In production you would probably reach for a language-native priority queue (Python's heapq, C#'s PriorityQueue, Java's PriorityQueue). All of them implement a binary min-heap under the hood. The pattern — push then conditionally pop to maintain size k — is the same in every language.
Where this sits in the heap series
This is problem five in the heap and priority queue series, after Last Stone Weight (1046), K Closest Points to Origin (973), Kth Largest Element in an Array (215), and Task Scheduler (621). Each of those introduced a different angle on the heap pattern.
Last Stone Weight used a max-heap to repeatedly extract the two largest. K Closest Points used a max-heap of size k to track the closest points by distance. Kth Largest Element in an Array (215) found the kth largest in a static array — the same min-heap-of-size-k trick applies there, making 703 a natural follow-on where the array becomes a live stream. Task Scheduler introduced the idea of using a heap to schedule work optimally.

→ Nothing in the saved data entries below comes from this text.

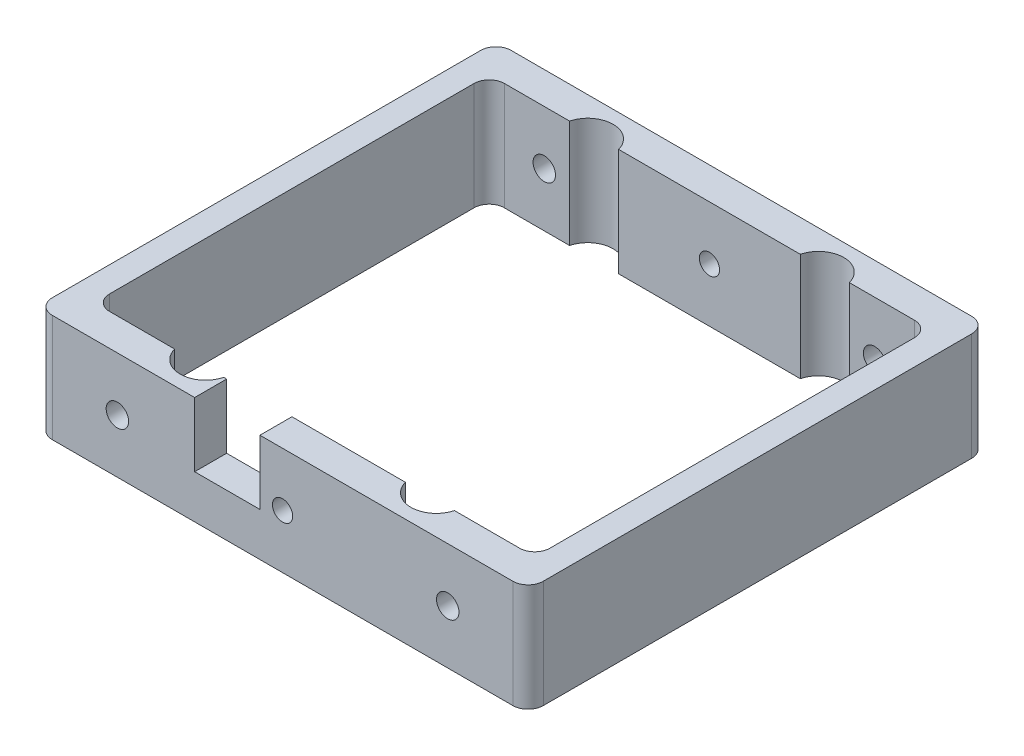
ISO-10303-21;
HEADER;
FILE_DESCRIPTION(('STEP AP214'),'2;1');
FILE_NAME('part.step','',(''),(''),'','','');
FILE_SCHEMA(('AUTOMOTIVE_DESIGN { 1 0 10303 214 1 1 1 1 }'));
ENDSEC;
DATA;
#1=APPLICATION_CONTEXT('core data for automotive mechanical design processes');
#2=APPLICATION_PROTOCOL_DEFINITION('international standard','automotive_design',2000,#1);
#3=PRODUCT_CONTEXT('',#1,'mechanical');
#4=PRODUCT('Part','Part','',(#3));
#5=PRODUCT_RELATED_PRODUCT_CATEGORY('part','',(#4));
#6=PRODUCT_DEFINITION_FORMATION('','',#4);
#7=PRODUCT_DEFINITION_CONTEXT('part definition',#1,'design');
#8=PRODUCT_DEFINITION('design','',#6,#7);
#9=PRODUCT_DEFINITION_SHAPE('','',#8);
#10=(LENGTH_UNIT() NAMED_UNIT(*) SI_UNIT(.MILLI.,.METRE.));
#11=(NAMED_UNIT(*) PLANE_ANGLE_UNIT() SI_UNIT($,.RADIAN.));
#12=(NAMED_UNIT(*) SI_UNIT($,.STERADIAN.) SOLID_ANGLE_UNIT());
#13=UNCERTAINTY_MEASURE_WITH_UNIT(LENGTH_MEASURE(1.E-05),#10,'distance_accuracy_value','');
#14=(GEOMETRIC_REPRESENTATION_CONTEXT(3) GLOBAL_UNCERTAINTY_ASSIGNED_CONTEXT((#13)) GLOBAL_UNIT_ASSIGNED_CONTEXT((#10,
#11,#12)) REPRESENTATION_CONTEXT('',''));
#15=CARTESIAN_POINT('',(0.,0.,0.));
#16=DIRECTION('',(0.,0.,1.));
#17=DIRECTION('',(1.,0.,0.));
#18=AXIS2_PLACEMENT_3D('',#15,#16,#17);
#19=CARTESIAN_POINT('',(-18.5,10.64,-78.01));
#20=DIRECTION('',(0.,0.,-1.));
#21=DIRECTION('',(-1.,0.,0.));
#22=AXIS2_PLACEMENT_3D('',#19,#20,#21);
#23=PLANE('',#22);
#24=CARTESIAN_POINT('',(-2.63122918275928,0.0049999999999998,-78.01));
#25=DIRECTION('',(0.,0.,-1.));
#26=DIRECTION('',(-1.,0.,0.));
#27=AXIS2_PLACEMENT_3D('',#24,#25,#26);
#28=CIRCLE('',#27,2.22000000000001);
#29=CARTESIAN_POINT('',(-4.85122918275928,0.0049999999999998,-78.01));
#30=VERTEX_POINT('',#29);
#31=EDGE_CURVE('E311',#30,#30,#28,.T.);
#32=ORIENTED_EDGE('',*,*,#31,.T.);
#33=EDGE_LOOP('',(#32));
#34=FACE_BOUND('',#33,.T.);
#35=DIRECTION('',(1.,0.,0.));
#36=VECTOR('',#35,1.);
#37=CARTESIAN_POINT('',(-18.5,10.64,-78.01));
#38=LINE('',#37,#36);
#39=CARTESIAN_POINT('',(-10.5,10.64,-78.01));
#40=VERTEX_POINT('',#39);
#41=CARTESIAN_POINT('',(2.36877081724072,10.64,-78.01));
#42=VERTEX_POINT('',#41);
#43=EDGE_CURVE('E331',#40,#42,#38,.T.);
#44=ORIENTED_EDGE('',*,*,#43,.F.);
#45=DIRECTION('',(0.,-1.,0.));
#46=VECTOR('',#45,1.);
#47=CARTESIAN_POINT('',(-10.5,-10.64,-78.01));
#48=LINE('',#47,#46);
#49=CARTESIAN_POINT('',(-10.5,-10.64,-78.01));
#50=VERTEX_POINT('',#49);
#51=EDGE_CURVE('E433',#40,#50,#48,.T.);
#52=ORIENTED_EDGE('',*,*,#51,.T.);
#53=DIRECTION('',(-1.,0.,0.));
#54=VECTOR('',#53,1.);
#55=CARTESIAN_POINT('',(0.,-10.64,-78.01));
#56=LINE('',#55,#54);
#57=CARTESIAN_POINT('',(-18.5,-10.64,-78.01));
#58=VERTEX_POINT('',#57);
#59=EDGE_CURVE('E338',#50,#58,#56,.T.);
#60=ORIENTED_EDGE('',*,*,#59,.T.);
#61=DIRECTION('',(0.,1.,0.));
#62=VECTOR('',#61,1.);
#63=CARTESIAN_POINT('',(-18.5,10.64,-78.01));
#64=LINE('',#63,#62);
#65=CARTESIAN_POINT('',(-18.5,-10.6519547348682,-78.01));
#66=VERTEX_POINT('',#65);
#67=EDGE_CURVE('E327',#66,#58,#64,.T.);
#68=ORIENTED_EDGE('',*,*,#67,.F.);
#69=DIRECTION('',(1.,0.,0.));
#70=VECTOR('',#69,1.);
#71=CARTESIAN_POINT('',(-18.5,-10.6519547348682,-78.01));
#72=LINE('',#71,#70);
#73=CARTESIAN_POINT('',(2.36877081724072,-10.6519547348682,-78.01));
#74=VERTEX_POINT('',#73);
#75=EDGE_CURVE('E335',#66,#74,#72,.T.);
#76=ORIENTED_EDGE('',*,*,#75,.T.);
#77=DIRECTION('',(0.,1.,0.));
#78=VECTOR('',#77,1.);
#79=CARTESIAN_POINT('',(2.36877081724072,-10.6519547348682,-78.01));
#80=LINE('',#79,#78);
#81=EDGE_CURVE('E430',#74,#42,#80,.T.);
#82=ORIENTED_EDGE('',*,*,#81,.T.);
#83=EDGE_LOOP('',(#44,#52,#60,#68,#76,#82));
#84=FACE_BOUND('',#83,.T.);
#85=ADVANCED_FACE('F45',(#34,#84),#23,.F.);
#86=CARTESIAN_POINT('',(30.,0.0049999999999998,-78.01));
#87=DIRECTION('',(0.,0.,-1.));
#88=DIRECTION('',(-1.,0.,0.));
#89=AXIS2_PLACEMENT_3D('',#86,#87,#88);
#90=CIRCLE('',#89,2.);
#91=CARTESIAN_POINT('',(28.,0.0049999999999998,-78.01));
#92=VERTEX_POINT('',#91);
#93=EDGE_CURVE('E289',#92,#92,#90,.T.);
#94=ORIENTED_EDGE('',*,*,#93,.T.);
#95=EDGE_LOOP('',(#94));
#96=FACE_BOUND('',#95,.T.);
#97=CARTESIAN_POINT('',(12.0512291827593,10.64,-78.01));
#98=VERTEX_POINT('',#97);
#99=CARTESIAN_POINT('',(47.9487708172407,10.64,-78.01));
#100=VERTEX_POINT('',#99);
#101=EDGE_CURVE('E334',#98,#100,#38,.T.);
#102=ORIENTED_EDGE('',*,*,#101,.F.);
#103=DIRECTION('',(0.,1.,0.));
#104=VECTOR('',#103,1.);
#105=CARTESIAN_POINT('',(12.0512291827593,-10.6519547348682,-78.01));
#106=LINE('',#105,#104);
#107=CARTESIAN_POINT('',(12.0512291827593,-10.6519547348682,-78.01));
#108=VERTEX_POINT('',#107);
#109=EDGE_CURVE('E427',#98,#108,#106,.F.);
#110=ORIENTED_EDGE('',*,*,#109,.T.);
#111=CARTESIAN_POINT('',(47.9487708172407,-10.6519547348682,-78.01));
#112=VERTEX_POINT('',#111);
#113=EDGE_CURVE('E339',#108,#112,#72,.T.);
#114=ORIENTED_EDGE('',*,*,#113,.T.);
#115=DIRECTION('',(0.,1.,0.));
#116=VECTOR('',#115,1.);
#117=CARTESIAN_POINT('',(47.9487708172407,-10.6519547348682,-78.01));
#118=LINE('',#117,#116);
#119=EDGE_CURVE('E424',#112,#100,#118,.T.);
#120=ORIENTED_EDGE('',*,*,#119,.T.);
#121=EDGE_LOOP('',(#102,#110,#114,#120));
#122=FACE_BOUND('',#121,.T.);
#123=ADVANCED_FACE('F552',(#96,#122),#23,.F.);
#124=CARTESIAN_POINT('',(0.,-10.64,0.));
#125=DIRECTION('',(0.,1.,0.));
#126=DIRECTION('',(0.,0.,1.));
#127=AXIS2_PLACEMENT_3D('',#124,#125,#126);
#128=PLANE('',#127);
#129=DIRECTION('',(1.,0.,0.));
#130=VECTOR('',#129,1.);
#131=CARTESIAN_POINT('',(0.,-10.64,6.32));
#132=LINE('',#131,#130);
#133=CARTESIAN_POINT('',(-15.5,-10.64,6.32));
#134=VERTEX_POINT('',#133);
#135=CARTESIAN_POINT('',(75.5,-10.64,6.32));
#136=VERTEX_POINT('',#135);
#137=EDGE_CURVE('E398',#134,#136,#132,.T.);
#138=ORIENTED_EDGE('',*,*,#137,.F.);
#139=CARTESIAN_POINT('',(-15.5,-10.64,3.32));
#140=DIRECTION('',(0.,1.,0.));
#141=DIRECTION('',(0.,0.,1.));
#142=AXIS2_PLACEMENT_3D('',#139,#140,#141);
#143=CIRCLE('',#142,3.);
#144=CARTESIAN_POINT('',(-18.5,-10.64,3.32));
#145=VERTEX_POINT('',#144);
#146=EDGE_CURVE('E491',#134,#145,#143,.F.);
#147=ORIENTED_EDGE('',*,*,#146,.T.);
#148=DIRECTION('',(0.,0.,1.));
#149=VECTOR('',#148,1.);
#150=CARTESIAN_POINT('',(-18.5,-10.64,0.));
#151=LINE('',#150,#149);
#152=EDGE_CURVE('E369',#58,#145,#151,.T.);
#153=ORIENTED_EDGE('',*,*,#152,.F.);
#154=ORIENTED_EDGE('',*,*,#59,.F.);
#155=CARTESIAN_POINT('',(-10.5,-10.64,-75.01));
#156=DIRECTION('',(0.,1.,0.));
#157=DIRECTION('',(0.,0.,1.));
#158=AXIS2_PLACEMENT_3D('',#155,#156,#157);
#159=CIRCLE('',#158,3.);
#160=CARTESIAN_POINT('',(-13.5,-10.64,-75.01));
#161=VERTEX_POINT('',#160);
#162=EDGE_CURVE('E493',#50,#161,#159,.T.);
#163=ORIENTED_EDGE('',*,*,#162,.T.);
#164=DIRECTION('',(0.,0.,1.));
#165=VECTOR('',#164,1.);
#166=CARTESIAN_POINT('',(-13.5,-10.64,-84.33));
#167=LINE('',#166,#165);
#168=CARTESIAN_POINT('',(-13.5,-10.64,-3.));
#169=VERTEX_POINT('',#168);
#170=EDGE_CURVE('E363',#161,#169,#167,.T.);
#171=ORIENTED_EDGE('',*,*,#170,.T.);
#172=CARTESIAN_POINT('',(-10.5,-10.64,-3.));
#173=DIRECTION('',(0.,1.,0.));
#174=DIRECTION('',(0.,0.,1.));
#175=AXIS2_PLACEMENT_3D('',#172,#173,#174);
#176=CIRCLE('',#175,3.);
#177=CARTESIAN_POINT('',(-10.5,-10.64,0.));
#178=VERTEX_POINT('',#177);
#179=EDGE_CURVE('E497',#169,#178,#176,.T.);
#180=ORIENTED_EDGE('',*,*,#179,.T.);
#181=DIRECTION('',(-1.,0.,0.));
#182=VECTOR('',#181,1.);
#183=CARTESIAN_POINT('',(0.,-10.64,0.));
#184=LINE('',#183,#182);
#185=CARTESIAN_POINT('',(2.36877081724073,-10.64,0.));
#186=VERTEX_POINT('',#185);
#187=EDGE_CURVE('E410',#186,#178,#184,.T.);
#188=ORIENTED_EDGE('',*,*,#187,.F.);
#189=CARTESIAN_POINT('',(7.21,-10.64,-1.25));
#190=DIRECTION('',(0.,1.,0.));
#191=DIRECTION('',(0.,0.,1.));
#192=AXIS2_PLACEMENT_3D('',#189,#190,#191);
#193=CIRCLE('',#192,5.);
#194=CARTESIAN_POINT('',(12.0512291827593,-10.64,0.));
#195=VERTEX_POINT('',#194);
#196=EDGE_CURVE('E418',#186,#195,#193,.T.);
#197=ORIENTED_EDGE('',*,*,#196,.T.);
#198=CARTESIAN_POINT('',(47.9487708172407,-10.64,0.));
#199=VERTEX_POINT('',#198);
#200=EDGE_CURVE('E415',#199,#195,#184,.T.);
#201=ORIENTED_EDGE('',*,*,#200,.F.);
#202=CARTESIAN_POINT('',(52.79,-10.64,-1.25));
#203=DIRECTION('',(0.,1.,0.));
#204=DIRECTION('',(0.,0.,1.));
#205=AXIS2_PLACEMENT_3D('',#202,#203,#204);
#206=CIRCLE('',#205,5.);
#207=CARTESIAN_POINT('',(57.6312291827593,-10.64,0.));
#208=VERTEX_POINT('',#207);
#209=EDGE_CURVE('E405',#199,#208,#206,.T.);
#210=ORIENTED_EDGE('',*,*,#209,.T.);
#211=CARTESIAN_POINT('',(70.5,-10.64,0.));
#212=VERTEX_POINT('',#211);
#213=EDGE_CURVE('E414',#212,#208,#184,.T.);
#214=ORIENTED_EDGE('',*,*,#213,.F.);
#215=CARTESIAN_POINT('',(70.5,-10.64,-3.));
#216=DIRECTION('',(0.,1.,0.));
#217=DIRECTION('',(0.,0.,1.));
#218=AXIS2_PLACEMENT_3D('',#215,#216,#217);
#219=CIRCLE('',#218,3.);
#220=CARTESIAN_POINT('',(73.5,-10.64,-3.));
#221=VERTEX_POINT('',#220);
#222=EDGE_CURVE('E507',#212,#221,#219,.T.);
#223=ORIENTED_EDGE('',*,*,#222,.T.);
#224=DIRECTION('',(0.,0.,-1.));
#225=VECTOR('',#224,1.);
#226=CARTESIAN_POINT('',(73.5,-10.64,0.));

703 adds the streaming dimension: the data arrives incrementally, and you need the answer after every single insertion. The heap's O(log k) per-operation cost is what makes streaming tractable.
215. Kth Largest Element in an Array is the static version of this problem. The stream is replaced by a fixed array; you can solve it with the same size-k min-heap or with quickselect. The heap approach transfers directly.
295. Find Median from Data Stream escalates the difficulty: instead of the kth largest, maintain the median. The solution uses two heaps — a max-heap for the lower half and a min-heap for the upper half — and rebalances after each insert.
347. Top K Frequent Elements shifts the criterion from value to frequency. You track k elements not by their raw value but by how often they appear. A heap of size k still applies, but the comparison key changes.
378. Kth Smallest Element in a Sorted Matrix applies the same "find kth element" question to a 2D structure where rows and columns are sorted. A min-heap drives the traversal.